9 Ways You Can Help A Grieving Heart
My heart breaks as I listen to the news of
killings in our country and around the world.
Regardless of who you are or where you come from,
when someone you love dies,
it blows a hole in your heart,
changes your life forever.
My experience being widowed twice in four years
gives me the courage to say
you can make a difference in the process of grief.

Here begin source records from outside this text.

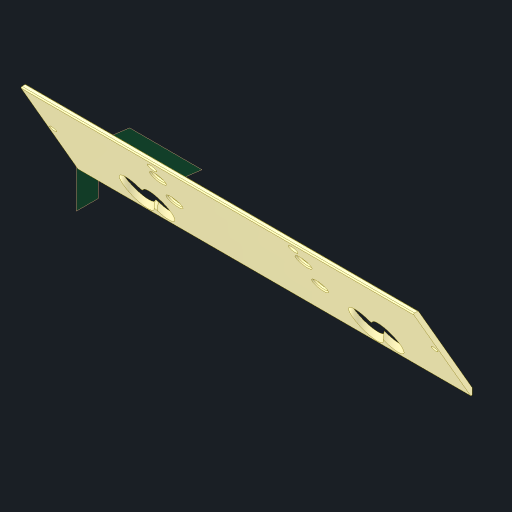
# Autodesk Inventor part: front
Saved by Autodesk Inventor 2023 (Build 270158000, 158)
## iProperties
Created: 2024-05-26
Part Number: front
Material: Nylon 6
Document SubType Name: Modeling
Designer: szymo
Density: 1.12 g/cm^3
Appearance: Nylon 6
Mass: 18.6267 g
Surface Area: 186.523 cm^2
Volume: 16.631 cm^3
TOTAL MASS: 0.0
Author: szymo
Autodesk Inventor part; units mm, degrees
ref_plane "YZ Plane" through (0, 0, 0) normal (1, 0, 0) x (0, 1, 0)
ref_plane "XZ Plane" through (0, 0, 0) normal (0, 1, 0) x (-1, 0, 0)
ref_plane "XY Plane" through (0, 0, 0) normal (0, 0, 1) x (1, 0, 0)
ref_plane "Work Plane1" through (-178, 0.5, -3.5) normal (-1, 0, 0) x (0, 0, 1)
sketch "Sketch1" plane through (-178, 0.5, -3.5) normal (-1, 0, 0) x (0, 0, 1)
  line L0 (3.5, 3.5) -> (-1, 3.5) projected
  line L1 (-1, 3.5) -> (-1, -0.5) projected
  line L2 (-1, -0.5) -> (-4.5, -0.5) projected
  line L3 (-4.5, -0.5) -> (-4.5, -14.5) projected
  line L4 (-4.5, -14.5) -> (4.5, -0.5) projected
  line L5 (4.5, -0.5) -> (3.5, -0.5) projected
  line L6 (3.5, -0.5) -> (3.5, 3.5) projected
  circle A0 centre (8.5, 158.5) radius 3 projected
  circle A1 centre (8.5, 158.5) radius 25
  circle A2 centre (13, 116) radius 15 projected
  line L7 (3.5, 3.5) -> (28, 45.9352)
  line L8 (3.5, -0.5) -> (30.3094, 45.9352)
  line L9 (30.3094, 45.9352) -> (28, 45.9352)
  line L10 (28, 45.9352) -> (28, 130) projected
  dimension "d0" = 50
  dimension "d1" = 30
  dimension "d3" = 2
  dimension "d4" = 4
  dimension "d5" = 2.3094
  constraints: 6 end point, 2 point on line, 1 centre point, 1 coincident, 1 horizontal, 1 parallel
  measures "d0" diameter of A1
  measures "d1" angle of L7 L6
  measures "d3" distance between parallel lines of L8 L7
  measures "d4" distance of L8.start L0.start
  measures "d5" distance of L7.end L8.end
ref_plane "Work Plane2" through (0, -14, -8) normal (1, 0, 0) x (0, 1, 0)
extrude "Extrusion1" add sketch "Sketch1" against normal up to surface (178 mm away) contours L7 L9 L8 L6
ref_plane "Work Plane3" through (-141.1151, 26.996, 4.2847) normal (0, -0.9925462, 0.1218693) x (1, 0, 0)
sketch "Sketch3" plane through (-141.1151, 26.996, 4.2847) normal (0, -0.9925462, 0.1218693) x (1, 0, 0)
  line L0 (89.3087, 5.4518) -> (89.3087, -5.4534)
  spline S0 degree 3 poles (89.3087, -5.4534) (89.308, -5.5772) (89.3587, -5.6989) (89.4451, -5.7853) (89.4649, -5.8051) (89.4865, -5.823) (89.5096, -5.8388) (89.529, -5.8521) (89.5494, -5.864) (89.5707, -5.8743) (89.5866, -5.882) (89.603, -5.8889) (89.6197, -5.8948) (89.6699, -5.9125) (89.7231, -5.9218) (89.7769, -5.9215) knots 0 0 0 0 0.5 0.5 0.5 0.614375 0.614375 0.614375 0.710781 0.710781 0.710781 0.783086 0.783086 0.783086 1 1 1 1
  line L1 (89.7769, -5.9215) -> (118.6836, -5.9215)
  spline S1 degree 3 poles (118.6836, -5.9215) (118.8077, -5.9222) (118.9296, -5.8713) (119.1025, -5.6977) (119.1524, -5.5758) (119.1517, -5.4518) knots 0 0 0 0 0.5 0.5 1 1 1 1
  line L2 (119.1517, -5.4518) -> (119.1517, 5.4534)
  spline S2 degree 3 poles (119.1517, 5.4534) (119.1524, 5.5775) (119.1015, 5.6994) (118.9279, 5.8723) (118.806, 5.9222) (118.682, 5.9215) knots 0 0 0 0 0.5 0.5 1 1 1 1
  line L3 (118.682, 5.9215) -> (89.7769, 5.9215)
  spline S3 degree 3 poles (89.7769, 5.9215) (89.6527, 5.9222) (89.5308, 5.8713) (89.3579, 5.6977) (89.308, 5.5758) (89.3087, 5.4518) knots 0 0 0 0 0.5 0.5 1 1 1 1
  circle A0 centre (90.8511, -4.3791) radius 0.5
  circle A1 centre (90.8511, 4.3791) radius 0.5
  circle A2 centre (117.6093, 4.3791) radius 0.5
  circle A3 centre (117.6093, -4.3791) radius 0.5
  arc A4 (104.4919, -1.4512) -> (104.4113, -1.5218) centre (104.5073, -1.55) ccw
  arc A5 (104.4113, 1.5218) -> (104.4113, -1.5218) centre (99.2302, 0) ccw
  arc A6 (104.4113, 1.5218) -> (104.4919, 1.4512) centre (104.5073, 1.55) ccw
  arc A7 (104.4919, 1.4512) -> (104.5716, 1.519) centre (104.4765, 1.55) ccw
  arc A8 (104.5716, -1.519) -> (104.5716, 1.519) centre (109.2302, 0) ccw
  arc A9 (104.5716, -1.519) -> (104.4919, -1.4512) centre (104.4765, -1.55) ccw
  line L4 (-14.6217, 5.4518) -> (-14.6217, -5.4534)
  spline S4 degree 3 poles (-14.6217, -5.4534) (-14.6224, -5.5772) (-14.5717, -5.6989) (-14.4853, -5.7853) (-14.4655, -5.8051) (-14.4439, -5.823) (-14.4208, -5.8388) (-14.4014, -5.8521) (-14.3809, -5.864) (-14.3597, -5.8743) (-14.3438, -5.882) (-14.3274, -5.8889) (-14.3107, -5.8948) (-14.2605, -5.9125) (-14.2073, -5.9218) (-14.1535, -5.9215) knots 0 0 0 0 0.5 0.5 0.5 0.614375 0.614375 0.614375 0.710781 0.710781 0.710781 0.783086 0.783086 0.783086 1 1 1 1
  line L5 (-14.1535, -5.9215) -> (14.7532, -5.9215)
  spline S5 degree 3 poles (14.7532, -5.9215) (14.8773, -5.9222) (14.9992, -5.8713) (15.1721, -5.6977) (15.222, -5.5758) (15.2213, -5.4518) knots 0 0 0 0 0.5 0.5 1 1 1 1
  line L6 (15.2213, -5.4518) -> (15.2213, 5.4534)
  spline S6 degree 3 poles (15.2213, 5.4534) (15.222, 5.5775) (15.1711, 5.6994) (14.9975, 5.8723) (14.8757, 5.9222) (14.7516, 5.9215) knots 0 0 0 0 0.5 0.5 1 1 1 1
  line L7 (14.7516, 5.9215) -> (-14.1535, 5.9215)
  spline S7 degree 3 poles (-14.1535, 5.9215) (-14.2776, 5.9222) (-14.3996, 5.8713) (-14.5725, 5.6977) (-14.6224, 5.5758) (-14.6217, 5.4518) knots 0 0 0 0 0.5 0.5 1 1 1 1
  circle A10 centre (-13.0792, -4.3791) radius 0.5
  circle A11 centre (-13.0792, 4.3791) radius 0.5
  circle A12 centre (13.6789, 4.3791) radius 0.5
  circle A13 centre (13.6789, -4.3791) radius 0.5
  arc A14 (0.5615, -1.4512) -> (0.4809, -1.5218) centre (0.5769, -1.55) ccw
  arc A15 (0.4809, 1.5218) -> (0.4809, -1.5218) centre (-4.7002, 0) ccw
  arc A16 (0.4809, 1.5218) -> (0.5615, 1.4512) centre (0.5769, 1.55) ccw
  arc A17 (0.5615, 1.4512) -> (0.6412, 1.519) centre (0.5461, 1.55) ccw
  arc A18 (0.6412, -1.519) -> (0.6412, 1.519) centre (5.2998, 0) ccw
  arc A19 (0.6412, -1.519) -> (0.5615, -1.4512) centre (0.5461, -1.55) ccw
  circle A20 centre (99.2302, 0) radius 5.4
  circle A21 centre (109.2302, 0) radius 4.9
  circle A22 centre (-4.7002, 0) radius 5.4
  circle A23 centre (5.2998, 0) radius 4.9
  arc A24 (0.5923, 3.0331) -> (0.5923, -3.0331) centre (-4.7002, 0) ccw
  arc A25 (0.5923, -3.0331) -> (0.5923, 3.0331) centre (5.2998, 0) ccw
  arc A26 (104.5227, -3.0331) -> (104.5227, 3.0331) centre (109.2302, 0) ccw
  arc A27 (104.5227, 3.0331) -> (104.5227, -3.0331) centre (99.2302, 0) ccw
  point P0 (141.1151, -7.5427)
  point P1 (104.4877, 1.2324)
  point P2 (104.4113, 1.5218)
  point P3 (104.4113, -1.5218)
  point P4 (104.4877, -1.2324)
  point P5 (104.5716, -1.519)
  point P6 (104.5716, 1.519)
  point P7 (0.5573, 1.2324)
  point P8 (0.4809, 1.5218)
  point P9 (0.4809, -1.5218)
  point P10 (0.5573, -1.2324)
  point P11 (0.6412, -1.519)
  point P12 (0.6412, 1.519)
  dimension "d19" = 0.7
  dimension "d20" = 0.7
  constraints: 8 centre point, 8 point on circle, 4 coincident, 4 concentric, 2 other
  measures "d19" radial gap between concentric circles of A18 A25
  measures "d20" radial gap between concentric circles of A5 A27
extrude "Extrusion2" cut sketch "Sketch3" along normal up to next contours A27 L3 | L3 A27 A26 L1 | L1 A27 | A4 A20 A21 A9 | A5 A20 A21 | A21 A20 A8 | A6 A7 A21 A20 | A21 A20 | A24 L7 | L7 A24 A25 L5 | L5 A24 | A14 A22 A23 A19 | A15 A22 A23 | A23 A22 A18 | A16 A17 A23 A22 | A23 A22
fillet "Fillet1" radius 1 3 edges at (-140.5228, 16.868, 8.5841) (-140.5228, 8.1387, 3.5442) (-36.5924, 16.868, 8.5841)
sketch "Sketch4" plane through (-178, 46.4352, 26.8094) normal (0, -0.5, 0.8660254) x (1, 0, 0)
  line L0 (5, -23) -> (5, -26) projected
  line L1 (3, -2.3094) -> (3, -21) projected
  line L2 (0, -1.1547) -> (4, -1.1547) projected
  line L3 (0, -47.8453) -> (0, -1.1547) projected
  line L4 (0, -47.8453) -> (3, -47.8453) projected
  line L5 (3, -46.6906) -> (3, -47.8453) projected
  line L6 (175, -28) -> (175, -43.1547) projected
  line L7 (178, -47.8453) -> (175, -47.8453) projected
  line L8 (178, -47.8453) -> (178, -1.1547) projected
  line L9 (178, -1.1547) -> (174, -1.1547) projected
  line L10 (175, -2.3094) -> (175, -21) projected
  line L11 (173, -23) -> (173, -26) projected
  arc A0 (5, -23) -> (4, -22) centre (4, -23) ccw projected
  arc A1 (3, -21) -> (4, -22) centre (4, -21) ccw projected
  ellipse E0 centre (4, -2.3094) end of major axis (4, -1.1547) minor radius 1 (4, -1.1547) -> (3, -2.3094) ccw projected
  ellipse E1 centre (8, -46.6906) end of major axis (8, -40.9171) minor radius 5 (3.1753, -45.1754) -> (3, -46.6906) ccw projected
  ellipse E2 centre (6, -43.1547) end of major axis (6, -49.1547) minor radius 3 (3, -43.1547) -> (3.1753, -45.1754) ccw projected
  arc A2 (4, -27) -> (3, -28) centre (4, -28) ccw projected
  arc A3 (4, -27) -> (5, -26) centre (4, -26) ccw projected
  circle A4 centre (2.5, -24.5) radius 1.75 projected
  line L12 (3, -28) -> (3, -43.1547) projected
  arc A5 (174, -22) -> (173, -23) centre (174, -23) ccw projected
  arc A6 (173, -26) -> (174, -27) centre (174, -26) ccw projected
  arc A7 (175, -28) -> (174, -27) centre (174, -28) ccw projected
  ellipse E3 centre (174, -2.3094) end of major axis (174, -1.1547) minor radius 1 (175, -2.3094) -> (174, -1.1547) ccw projected
  arc A8 (174, -22) -> (175, -21) centre (174, -21) ccw projected
  circle A9 centre (175.5, -24.5) radius 1.75 projected
  ellipse E4 centre (172, -43.1547) end of major axis (172, -49.1547) minor radius 3 (174.8247, -45.1754) -> (175, -43.1547) ccw projected
  ellipse E5 centre (170, -46.6906) end of major axis (170, -40.9171) minor radius 5 (175, -46.6906) -> (174.8247, -45.1754) ccw projected
  line L13 (175, -46.6906) -> (175, -47.8453) projected
  arc A10 (118.5, -1.9585) -> (117.5, -3.6906) centre (119.5, -3.6906) ccw projected
  line L14 (117.5, -3.6906) -> (117.5, -6.7624) projected
  arc A11 (117.5, -6.7624) -> (118.5, -8.4944) centre (119.5, -6.7624) ccw projected
  arc A12 (119.5, -10.2265) -> (118.5, -8.4944) centre (117.5, -10.2265) ccw projected
  line L15 (119.5, -10.2265) -> (119.5, -33.2065) projected
  line L16 (119.5, -33.2065) -> (124.5, -33.2065) projected
  line L17 (124.5, -1.1547) -> (124.5, -33.2065) projected
  line L18 (124.5, -1.1547) -> (119.2716, -1.1547) projected
  arc A13 (118.5, -1.9585) -> (119.2716, -1.1547) centre (117.5, -0.2265) ccw projected
  circle A14 centre (121, -5.2265) radius 2.3 projected
  circle A15 centre (122, -27.626) radius 1.75 projected
  circle A16 centre (122, -12.626) radius 1.75 projected
  arc A17 (60.5, -3.6906) -> (59.5, -1.9585) centre (58.5, -3.6906) ccw projected
  arc A18 (58.7284, -1.1547) -> (59.5, -1.9585) centre (60.5, -0.2265) ccw projected
  line L19 (53.5, -1.1547) -> (58.7284, -1.1547) projected
  line L20 (53.5, -1.1547) -> (53.5, -33.2065) projected
  line L21 (58.5, -33.2065) -> (53.5, -33.2065) projected
  line L22 (58.5, -10.2265) -> (58.5, -33.2065) projected
  arc A19 (59.5, -8.4944) -> (58.5, -10.2265) centre (60.5, -10.2265) ccw projected
  arc A20 (59.5, -8.4944) -> (60.5, -6.7624) centre (58.5, -6.7624) ccw projected
  line L23 (60.5, -3.6906) -> (60.5, -6.7624) projected
  circle A21 centre (57, -5.2265) radius 2.3 projected
  circle A22 centre (56, -27.626) radius 1.75 projected
  circle A23 centre (56, -12.626) radius 1.75 projected
  point P0 (178, -53.6188)
  point P1 (3, -40.6533)
  constraints: 6 coincident, 6 other
hole "srobkiSrodek" at (-122, 22.5104, 12.9964) at (-122, 35.5008, 20.4964) at (-56, 22.5104, 12.9964) at (-56, 35.5008, 20.4964) direction (0, 0.5, -0.8660254) diameter 3.1 end through all counterbore diameter 6 counterbore depth 1.2 clearance for "Countersunk Raised Head Screw ISO 2010/7047" size "M2.5" standard "ISO"
sketch "Sketch6" plane through (-178, 46.4352, 26.8094) normal (0, -0.5, 0.8660254) x (1, 0, 0)
  circle A0 centre (57, -5.2265) radius 2.3 projected
  circle A1 centre (121, -5.2265) radius 2.3 projected
  point P0 (178, -53.6188)
  constraints: 2 coincident
hole "czulki" at (-57, 41.909, 24.1962) at (-121, 41.909, 24.1962) direction (0, 0.5, -0.8660254) diameter 4 end through all
sketch "Sketch7" plane through (-178, 46.4352, 26.8094) normal (0, -0.5, 0.8660254) x (1, 0, 0)
  circle A0 centre (2.5, -24.5) radius 1.75 projected
  arc A1 (4, -27) -> (5, -26) centre (4, -26) ccw projected
  line L0 (5, -23) -> (5, -26) projected
  arc A2 (5, -23) -> (4, -22) centre (4, -23) ccw projected
  arc A3 (3, -21) -> (4, -22) centre (4, -21) ccw projected
  line L1 (3, -2.3094) -> (3, -21) projected
  ellipse E0 centre (4, -2.3094) end of major axis (4, -1.1547) minor radius 1 (4, -1.1547) -> (3, -2.3094) ccw projected
  line L2 (0, -1.1547) -> (4, -1.1547) projected
  line L3 (0, -47.8453) -> (0, -1.1547) projected
  line L4 (0, -47.8453) -> (3, -47.8453) projected
  line L5 (3, -46.6906) -> (3, -47.8453) projected
  ellipse E1 centre (8, -46.6906) end of major axis (8, -40.9171) minor radius 5 (3.1753, -45.1754) -> (3, -46.6906) ccw projected
  ellipse E2 centre (6, -43.1547) end of major axis (6, -49.1547) minor radius 3 (3, -43.1547) -> (3.1753, -45.1754) ccw projected
  line L6 (3, -28) -> (3, -43.1547) projected
  arc A4 (4, -27) -> (3, -28) centre (4, -28) ccw projected
  circle A5 centre (175.5, -24.5) radius 1.75 projected
  arc A6 (173, -26) -> (174, -27) centre (174, -26) ccw projected
  arc A7 (175, -28) -> (174, -27) centre (174, -28) ccw projected
  line L7 (175, -28) -> (175, -43.1547) projected
  ellipse E3 centre (172, -43.1547) end of major axis (172, -49.1547) minor radius 3 (174.8247, -45.1754) -> (175, -43.1547) ccw projected
  ellipse E4 centre (170, -46.6906) end of major axis (170, -40.9171) minor radius 5 (175, -46.6906) -> (174.8247, -45.1754) ccw projected
  line L8 (175, -46.6906) -> (175, -47.8453) projected
  line L9 (178, -47.8453) -> (175, -47.8453) projected
  line L10 (178, -47.8453) -> (178, -1.1547) projected
  line L11 (178, -1.1547) -> (174, -1.1547) projected
  ellipse E5 centre (174, -2.3094) end of major axis (174, -1.1547) minor radius 1 (175, -2.3094) -> (174, -1.1547) ccw projected
  line L12 (175, -2.3094) -> (175, -21) projected
  arc A8 (174, -22) -> (175, -21) centre (174, -21) ccw projected
  arc A9 (174, -22) -> (173, -23) centre (174, -23) ccw projected
  line L13 (173, -23) -> (173, -26) projected
  point P0 (178, -53.6188)
  constraints: 2 coincident, 6 other
hole "srubkiBoki" at (-2.5, 25.2176, 14.5594) at (-175.5, 25.2176, 14.5594) direction (0, 0.5, -0.8660254) diameter 2.9 end through all clearance for "Countersunk Flat Head Screw ISO 2009/7046" size "M2.5" standard "ISO"
chamfer "Chamfer1" distance 0.5 angle 45 4 edges at (-122, 38.0989, 21.9964) (-122, 25.1085, 14.4964) (-56, 25.1085, 14.4964) (-56, 38.0989, 21.9964)
fillet "Fillet2" radius 0.4 4 edges at (-89, 0, 0) (-89, 4, 0) (-89, 46.4352, 24.5) (-89, 46.4352, 26.8094)
body "Solid1"

Here are 9 ways to help mitigate the agony when
tragedy strikes close to home.
Look for the person who is grieving.
Smile at them.
Talk with her or him.
Don’t avoid them because you don’t know what to say,
or you feel uneasy.
Push through the feeling of awkwardness,
they need you.
Here’s advice from the American Cancer Society about that.
It is common to feel awkward when trying to comfort someone who is grieving.
Many people do not know what to say or do.
Here are suggestions to use as a guide.
Acknowledge the situation.
Example: “I heard that your_____ died.”
Use the word “died”.
That will show that you are more open to talk about how the person really feels.
Express your concern.
Example: “I’m sorry to hear that this happened to you.”
Be genuine in your communication and don’t hide your feelings.
Example: “I’m not sure what to say, but I want you to know I care.
Offer your support.
Example: “Tell me what I can do for you.”
Pray for them often and tell them that you are.
Ask them how they need God to show up in their life.
Do they need provision?
How about wisdom for parenting?
What about all the decisions they have to make?
I assure you they need prayer for the grace to deal with
people who will undoubtedly say inappropriate things!
Could you pray for their comfort?
Likely they need prayer for the pain to abate.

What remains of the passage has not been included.